Use Apache Spark efficiently to push data to elasticsearch

Question

I have 27 million records in an xml file, that I want to push it into elasticsearch index Below is the code snippet written in spark scala, i'l be creating a spark job jar and going to run on AWS EMR

How can I efficiently use the spark to complete this exercise? Please guide.

I have a gzipped xml of 12.5 gb which I am loading into spark dataframe. I am new to Spark..(Should I split this gzip file? or spark executors will take care of it?)

class ReadFromXML {

  def createXMLDF(): DataFrame = {
    val spark: SparkSession = SparkUtils.getSparkInstance("Spark Extractor")
    import spark.implicits._
    val m_df: DataFrame = SparkUtils.getDataFrame(spark, "temp.xml.gz").coalesce(5)

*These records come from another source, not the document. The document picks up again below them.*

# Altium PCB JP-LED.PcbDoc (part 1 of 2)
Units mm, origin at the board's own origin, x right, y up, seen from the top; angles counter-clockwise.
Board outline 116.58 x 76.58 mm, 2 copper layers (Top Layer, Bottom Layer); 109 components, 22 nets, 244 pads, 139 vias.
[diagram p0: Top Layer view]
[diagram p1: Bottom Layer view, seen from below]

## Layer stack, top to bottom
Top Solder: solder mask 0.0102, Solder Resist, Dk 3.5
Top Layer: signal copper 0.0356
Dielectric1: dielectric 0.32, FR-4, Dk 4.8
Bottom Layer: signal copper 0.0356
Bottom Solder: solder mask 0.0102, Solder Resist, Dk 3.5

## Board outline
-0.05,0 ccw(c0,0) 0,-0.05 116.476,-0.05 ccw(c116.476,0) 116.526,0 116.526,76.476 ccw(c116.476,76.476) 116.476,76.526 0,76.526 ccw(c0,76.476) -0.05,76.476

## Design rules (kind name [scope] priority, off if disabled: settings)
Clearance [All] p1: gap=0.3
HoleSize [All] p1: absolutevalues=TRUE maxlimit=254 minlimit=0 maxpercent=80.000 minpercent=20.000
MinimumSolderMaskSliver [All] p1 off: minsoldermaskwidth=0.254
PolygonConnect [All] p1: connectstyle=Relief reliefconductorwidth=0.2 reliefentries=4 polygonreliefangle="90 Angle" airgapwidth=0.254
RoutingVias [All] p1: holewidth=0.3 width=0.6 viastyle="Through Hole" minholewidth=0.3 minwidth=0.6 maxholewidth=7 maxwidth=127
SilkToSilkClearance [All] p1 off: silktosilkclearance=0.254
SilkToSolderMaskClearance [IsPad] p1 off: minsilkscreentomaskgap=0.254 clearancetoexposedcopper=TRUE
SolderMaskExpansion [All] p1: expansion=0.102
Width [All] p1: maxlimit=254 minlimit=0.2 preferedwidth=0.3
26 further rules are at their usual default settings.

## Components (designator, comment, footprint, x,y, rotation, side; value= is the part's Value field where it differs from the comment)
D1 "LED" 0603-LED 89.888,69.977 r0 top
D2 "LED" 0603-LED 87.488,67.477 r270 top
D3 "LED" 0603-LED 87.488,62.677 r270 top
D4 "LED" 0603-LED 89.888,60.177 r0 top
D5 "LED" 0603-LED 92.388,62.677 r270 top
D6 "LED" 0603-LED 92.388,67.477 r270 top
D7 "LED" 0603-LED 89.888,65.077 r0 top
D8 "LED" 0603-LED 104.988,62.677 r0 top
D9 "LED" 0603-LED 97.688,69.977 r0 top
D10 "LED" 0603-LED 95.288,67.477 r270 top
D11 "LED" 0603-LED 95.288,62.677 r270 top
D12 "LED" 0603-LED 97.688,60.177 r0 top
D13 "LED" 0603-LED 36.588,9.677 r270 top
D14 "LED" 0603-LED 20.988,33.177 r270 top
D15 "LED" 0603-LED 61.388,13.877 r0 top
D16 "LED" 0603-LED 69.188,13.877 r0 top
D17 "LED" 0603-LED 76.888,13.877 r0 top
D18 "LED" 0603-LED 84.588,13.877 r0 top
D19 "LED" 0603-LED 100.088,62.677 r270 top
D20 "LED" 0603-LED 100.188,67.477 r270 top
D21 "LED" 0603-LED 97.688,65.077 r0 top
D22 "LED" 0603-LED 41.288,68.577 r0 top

    var new_df: DataFrame = null
      
      new_df = m_df.select($"CountryCode"(0).as("countryCode"),
        $"PostalCode"(0).as("postalCode"),
        $"state"(0).as("state"),
        $"county"(0).as("county"),
        $"city"(0).as("city"),
        $"district"(0).as("district"),
        $"Identity.PlaceId".as("placeid"), $"Identity._isDeleted".as("deleted"),
        $"FullStreetName"(0).as("street"),
        functions.explode($"Text").as("name"), $"name".getField("BaseText").getField("_VALUE")(0).as("nameVal"))
        .where($"LocationList.Location._primary" === "true")
        .where("(array_contains(_languageCode, 'en'))")
        .where(functions.array_contains($"name".getField("BaseText").getField("_languageCode"), "en"))
    

    new_df.drop("name")
  }
}

object PushToES extends App {
  val spark = SparkSession
    .builder()
    .appName("PushToES")
    .master("local[*]")
    .config("spark.es.nodes", "awsurl")
    .config("spark.es.port", "port")
    .config("spark.es.nodes.wan.only", "true")
    .config("spark.es.net.ssl", "true")
    .getOrCreate()

  val extractor = new ReadFromXML()

  val df = extractor.createXMLDF()
  df.saveToEs("myindex/_doc")
}

Update 1: I have splitted files in 68M each and to read this single file it takes 3.7 mins I wast trying to use snappy instead of gzip compression codec So converted the gz file into snappy file and added below in config

.config("spark.io.compression.codec", "org.apache.spark.io.SnappyCompressionCodec")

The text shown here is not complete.